(SUPPLIED MATERIAL begins)

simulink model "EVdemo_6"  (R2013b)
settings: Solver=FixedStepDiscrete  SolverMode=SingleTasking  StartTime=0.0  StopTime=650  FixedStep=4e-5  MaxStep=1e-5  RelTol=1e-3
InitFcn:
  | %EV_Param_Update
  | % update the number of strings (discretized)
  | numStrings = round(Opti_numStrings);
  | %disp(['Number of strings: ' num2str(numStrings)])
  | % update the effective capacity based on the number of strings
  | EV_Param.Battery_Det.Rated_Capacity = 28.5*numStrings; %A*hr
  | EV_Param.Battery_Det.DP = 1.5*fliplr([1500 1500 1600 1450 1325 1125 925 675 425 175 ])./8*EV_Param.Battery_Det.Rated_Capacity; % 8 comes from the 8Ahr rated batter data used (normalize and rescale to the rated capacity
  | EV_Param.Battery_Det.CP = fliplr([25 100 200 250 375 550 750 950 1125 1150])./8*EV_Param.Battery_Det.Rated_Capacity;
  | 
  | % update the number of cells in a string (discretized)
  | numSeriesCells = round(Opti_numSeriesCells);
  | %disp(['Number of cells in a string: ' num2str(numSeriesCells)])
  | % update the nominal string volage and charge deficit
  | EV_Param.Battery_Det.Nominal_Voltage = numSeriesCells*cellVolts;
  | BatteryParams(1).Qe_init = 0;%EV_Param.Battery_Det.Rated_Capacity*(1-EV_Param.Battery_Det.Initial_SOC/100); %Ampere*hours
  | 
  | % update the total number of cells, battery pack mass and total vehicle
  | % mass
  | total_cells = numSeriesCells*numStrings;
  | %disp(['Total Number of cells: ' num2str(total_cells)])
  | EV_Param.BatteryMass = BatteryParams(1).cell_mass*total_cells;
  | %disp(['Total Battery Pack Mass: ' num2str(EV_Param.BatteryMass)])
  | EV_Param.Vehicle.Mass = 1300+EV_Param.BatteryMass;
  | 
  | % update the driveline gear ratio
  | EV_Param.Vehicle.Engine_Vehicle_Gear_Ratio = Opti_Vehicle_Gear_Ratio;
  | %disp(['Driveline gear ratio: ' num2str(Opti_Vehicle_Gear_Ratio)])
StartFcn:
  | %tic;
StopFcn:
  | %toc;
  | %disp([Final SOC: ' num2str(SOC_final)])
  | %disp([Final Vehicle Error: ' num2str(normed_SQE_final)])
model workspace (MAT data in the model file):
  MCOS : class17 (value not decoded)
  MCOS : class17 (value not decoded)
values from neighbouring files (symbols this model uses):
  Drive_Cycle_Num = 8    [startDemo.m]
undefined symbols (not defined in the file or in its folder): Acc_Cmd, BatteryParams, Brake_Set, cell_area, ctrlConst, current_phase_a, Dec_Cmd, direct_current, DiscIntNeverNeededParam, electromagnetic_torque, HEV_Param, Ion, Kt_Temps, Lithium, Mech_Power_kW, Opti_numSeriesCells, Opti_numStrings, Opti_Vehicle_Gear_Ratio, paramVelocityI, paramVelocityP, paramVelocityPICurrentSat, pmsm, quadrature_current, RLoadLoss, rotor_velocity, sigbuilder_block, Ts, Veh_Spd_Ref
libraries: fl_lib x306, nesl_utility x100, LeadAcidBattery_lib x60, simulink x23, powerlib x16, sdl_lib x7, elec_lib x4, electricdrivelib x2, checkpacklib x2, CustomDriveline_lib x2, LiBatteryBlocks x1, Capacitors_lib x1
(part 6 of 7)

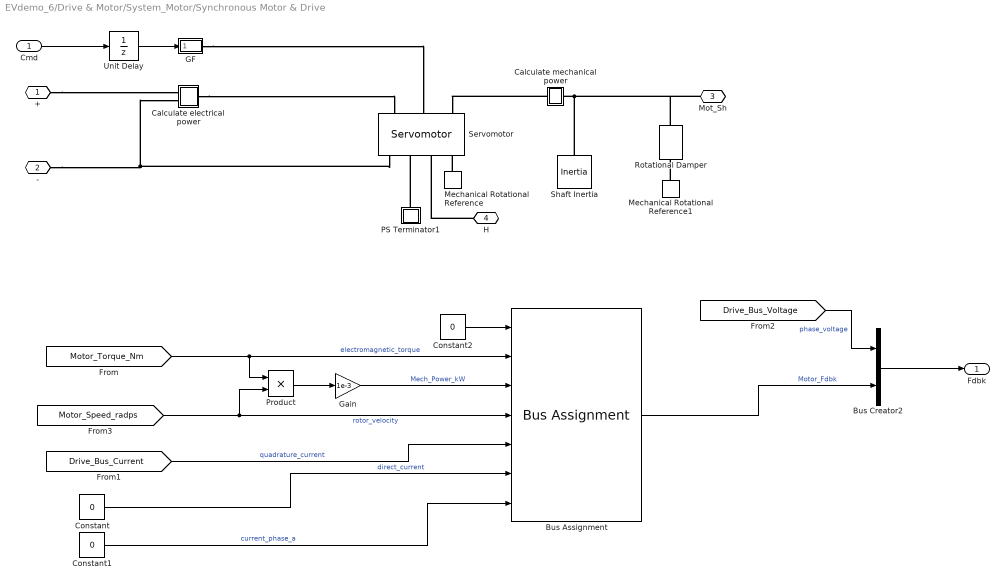
== system EVdemo_6/Drive & Motor/System_Motor/Synchronous Motor & Drive ==
  Cmd : Inport
  Bus Assignment : BusAssignment  AssignedSignals=electromagnetic_torque,Mech_Power_kW,rotor_velocity,quadrature_current,direct_current,current_phase_a
  Bus Creator2 : BusCreator  Inputs=2
  Calculate electrical power : Subsystem
      mask Display: disp('S')
  Calculate mechanical power : Subsystem
      mask Display: disp('S')
  Constant : Constant  Value=0  SampleTime=-1
  Constant1 : Constant  Value=0  SampleTime=-1
  Constant2 : Constant  Value=0  OutDataTypeStr=Bus: Motor_Fdbk  SampleTime=-1
  GF : Subsystem
      mask Display: disp('GF')
  Gain : Gain  Gain=1e-3
  Mechanical Rotational Reference : fl_lib/Mechanical/Rotational Elements/Mechanical Rotational Reference  t_Log=off  LocalVarNames=|t  LocalVarDescs=|t  LocalVarLogging=[]
  Mechanical Rotational Reference1 : fl_lib/Mechanical/Rotational Elements/Mechanical Rotational Reference  t_Log=off  LocalVarNames=|t  LocalVarDescs=|t  LocalVarLogging=0
  PS Terminator1 : Subsystem
      mask Display:
      | plot([0 0.9],[0.5 0.5]);
      | plot([0.5 0.9],[0.3 0.3]);
      | plot([0.5 0.9],[0.7 0.7]);
      | plot([0.9 0.9],[0.7 0.3]);
  Product : Product
  Rotational Damper : fl_lib/Mechanical/Rotational Elements/Rotational Damper  D=EV_Param.Motor.Damping N*m/(rad/s)  t_Log=off  w_Log=off  LocalVarNames=|t|w  LocalVarDescs=|t|w  LocalVarLogging=[0 0]
  Servomotor : elec_lib/Actuators & Drivers/Rotational Actuators/Servomotor  torque_speed_param=1  w_t=EV_Param.Motor.TorqSpdLUT.SpeedRPM rpm  T_t=EV_Param.Motor.TorqSpdLUT.TorqueNm N*m  torque_max=0.1 N*m  power_max=30 W  Tc=EV_Param.Motor.TorqueControl_TimeConst s  eff=EV_Param.Motor.Efficiency  w_eff=4000 rpm  T_eff=280 N*m  Piron=0 W  Pbase=0 W  Res=EV_Param.Motor.Series_Resistance Ohm  J=0 kg*m^2  lam=0 N*m/(rad/s)  speed0=0 rpm  LocalVarLogging=[]  alpha=0.00393 1/K  Tmeas=21 C  thermal_mass=10000 J/K  initial_temperature=21 C
  Shaft Inertia : fl_lib/Mechanical/Rotational Elements/Inertia  inertia=EV_Param.Motor.Shaft_Inertia kg*m^2  initial_velocity=0 rad/s  t_Log=off  LocalVarNames=|t  LocalVarDescs=|t  LocalVarLogging=0
  Unit Delay : UnitDelay  SampleTime=-1
  + : PMIOPort  Port=1  Side=Left
  - : PMIOPort  Port=2  Side=Left
  Mot_Sh : PMIOPort  Port=3  Side=Right
  H : PMIOPort  Port=4  Side=Left
  Fdbk : Outport
  wires:
  Unit Delay/1 -> GF/1(In1)
  Constant1/1 -> Bus Assignment/7  "current_phase_a"
  Constant/1 -> Bus Assignment/6  "direct_current"
  [Drive_Bus_Current] -> Bus Assignment/5  "quadrature_current"
  [Motor_Speed_radps] -> Bus Assignment/4, Product/2  "rotor_velocity"
  [Motor_Torque_Nm] -> Bus Assignment/2, Product/1  "electromagnetic_torque"
  Bus Creator2/1 -> Fdbk/1
  [Drive_Bus_Voltage] -> Bus Creator2/1  "phase_voltage"
  Cmd/1 -> Unit Delay/1
  Product/1 -> Gain/1
  Gain/1 -> Bus Assignment/3  "Mech_Power_kW"
  Constant2/1 -> Bus Assignment/1
  Bus Assignment/1 -> Bus Creator2/2  "Motor_Fdbk"
  connections:
  Mechanical Rotational Reference1/LConn1 -- Rotational Damper/RConn1
  +/RConn1 -- Calculate electrical power/LConn1
  Calculate electrical power/RConn1 -- Servomotor/LConn1
  Shaft Inertia/LConn1 -- Calculate mechanical power/RConn1 -- Rotational Damper/LConn1 -- Mot_Sh/RConn1
  PS Terminator1/LConn1 -- Servomotor/RConn2
  -/RConn1 -- Calculate electrical power/LConn2 -- Servomotor/RConn1
  GF/RConn1 -- Servomotor/LConn2
  Calculate mechanical power/LConn1 -- Servomotor/LConn3
  H/RConn1 -- Servomotor/RConn3
  Mechanical Rotational Reference/LConn1 -- Servomotor/RConn4

== system EVdemo_6/Drive & Motor/System_Motor/ZZZ_Background_Box ==

== system EVdemo_6/Operator Model/Accel_Cmd_Gen/Clamp ==
  preSat : Inport
  saturated : Inport  Port=2
  preIntegrator : Inport  Port=3
  AND : Logic  OutDataTypeStr=boolean
  Compare To Zero : simulink/Logic and Bit Operations/Compare To Zero  relop=<=  OutDataTypeStr=boolean
  Compare To Zero1 : simulink/Logic and Bit Operations/Compare To Zero  relop=<=  OutDataTypeStr=boolean
  Logical Operator : Logic  Operator=NXOR  AllPortsSameDT=off  OutDataTypeStr=boolean
  Clamp : Outport
  wires:
  AND/1 -> Clamp/1
  saturated/1 -> AND/2
  preIntegrator/1 -> Compare To Zero/1
  preSat/1 -> Compare To Zero1/1
  Logical Operator/1 -> AND/1
  Compare To Zero/1 -> Logical Operator/1
  Compare To Zero1/1 -> Logical Operator/2

== system EVdemo_6/Operator Model/Accel_Cmd_Gen/Convert_Data_Type ==
  In1 : Inport
  Data Type Conversion : DataTypeConversion  Priority=27
  Data Type Propagation : simulink/Signal Attributes/Data Type Propagation  Priority=24  PropDataType=fixdt(1, 16)  IfRefDouble=double  IfRefSingle=single  IsSigned=IsSigned1  NumBitsBase=NumBits1  NumBitsMult=1  NumBitsAdd=0  NumBitsAllowFinal=1:128  PropScaling=2^-10  ValuesUsedBestPrec=[5 -7]  SlopeBase=Slope1  SlopeMult=2  SlopeAdd=0  BiasBase=Bias1  BiasMult=1  BiasAdd=0
      settings: AttributesFormatString=-------------------------------\nDT = %<PropDataType>
  Out1 : Outport
  wires:
  In1/1 -> Data Type Propagation/2, Data Type Propagation/1, Data Type Conversion/1
  Data Type Conversion/1 -> Out1/1, Data Type Propagation/3

== system EVdemo_6/Operator Model/Accel_Cmd_Gen/Maintain_Range ==
  In1 : Inport
  Data Type Conversion : DataTypeConversion
  Data Type Propagation : simulink/Signal Attributes/Data Type Propagation  PropDataTypeMode=Specify via dialog  PropDataType=DT_PRECISION_LO  IfRefDouble=double  IfRefSingle=single  IsSigned=IsSigned1  NumBitsBase=NumBits1  NumBitsMult=0  NumBitsAdd=0  NumBitsAllowFinal=1:128  PropScaling=2^-10  ValuesUsedBestPrec=[5 -7]  SlopeBase=PosRange1  SlopeMult=1  SlopeAdd=0  BiasBase=Bias1  BiasMult=1  BiasAdd=0
      settings: AttributesFormatString=-------------------------------\nDT = %<PropDataType>
  Out1 : Outport
  wires:
  In1/1 -> Data Type Propagation/2, Data Type Propagation/1, Data Type Conversion/1
  Data Type Conversion/1 -> Out1/1, Data Type Propagation/3

== system EVdemo_6/Operator Model/Accel_Cmd_Gen/PI_Sat ==
  In1 : Inport
  Constant : Constant  Value=0
  Dynamic Saturation : Subsystem
      mask Display: plot([0.15 0.85],[.5 .5],[.5 .5],[0.05 0.95],0.15+0.7*[0 .25 .75 1],0.05+0.9*[.25 .25 .75 .75]);
  PI_Sat : Constant  Value=EV_Param.Control.Veh_Spd.Sat  PreserveConstantTs=on
  Out1 : Outport
  saturated : Outport  Port=2
  wires:
  Dynamic Saturation/2(sat_mode) -> saturated/1
  Dynamic Saturation/1(y) -> Out1/1
  PI_Sat/1 -> Dynamic Saturation/1(up)
  In1/1 -> Dynamic Saturation/2(u)
  Constant/1 -> Dynamic Saturation/3(lo)

== system EVdemo_6/Operator Model/Brake_Cmd_Gen/Clamp ==
  preSat : Inport
  saturated : Inport  Port=2
  preIntegrator : Inport  Port=3
  AND : Logic  OutDataTypeStr=boolean
  Compare To Zero : simulink/Logic and Bit Operations/Compare To Zero  relop=<=  OutDataTypeStr=boolean
  Compare To Zero1 : simulink/Logic and Bit Operations/Compare To Zero  relop=<=  OutDataTypeStr=boolean
  Logical Operator : Logic  Operator=NXOR  AllPortsSameDT=off  OutDataTypeStr=boolean
  Clamp : Outport
  wires:
  Compare To Zero1/1 -> Logical Operator/2
  Compare To Zero/1 -> Logical Operator/1
  Logical Operator/1 -> AND/1
  preSat/1 -> Compare To Zero1/1
  preIntegrator/1 -> Compare To Zero/1
  saturated/1 -> AND/2
  AND/1 -> Clamp/1

== system EVdemo_6/Operator Model/Brake_Cmd_Gen/Convert_Data_Type ==
  In1 : Inport
  Data Type Conversion : DataTypeConversion  Priority=27
  Data Type Propagation : simulink/Signal Attributes/Data Type Propagation  Priority=24  PropDataType=fixdt(1, 16)  IfRefDouble=double  IfRefSingle=single  IsSigned=IsSigned1  NumBitsBase=NumBits1  NumBitsMult=1  NumBitsAdd=0  NumBitsAllowFinal=1:128  PropScaling=2^-10  ValuesUsedBestPrec=[5 -7]  SlopeBase=Slope1  SlopeMult=2  SlopeAdd=0  BiasBase=Bias1  BiasMult=1  BiasAdd=0
      settings: AttributesFormatString=-------------------------------\nDT = %<PropDataType>
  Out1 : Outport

(SUPPLIED MATERIAL ends)

_PROBLEM TO SOLVE:_ Would you output, from the records above, exactly the run of lines that starts at the line containing "[Drive_Bus_Voltage] -> Bus" and ends at the line containing "Calculate electrical power/LConn1", and only that run?

_ANSWER FOR THE TASK:_
  [Drive_Bus_Voltage] -> Bus Creator2/1  "phase_voltage"
  Cmd/1 -> Unit Delay/1
  Product/1 -> Gain/1
  Gain/1 -> Bus Assignment/3  "Mech_Power_kW"
  Constant2/1 -> Bus Assignment/1
  Bus Assignment/1 -> Bus Creator2/2  "Motor_Fdbk"
  connections:
  Mechanical Rotational Reference1/LConn1 -- Rotational Damper/RConn1
  +/RConn1 -- Calculate electrical power/LConn1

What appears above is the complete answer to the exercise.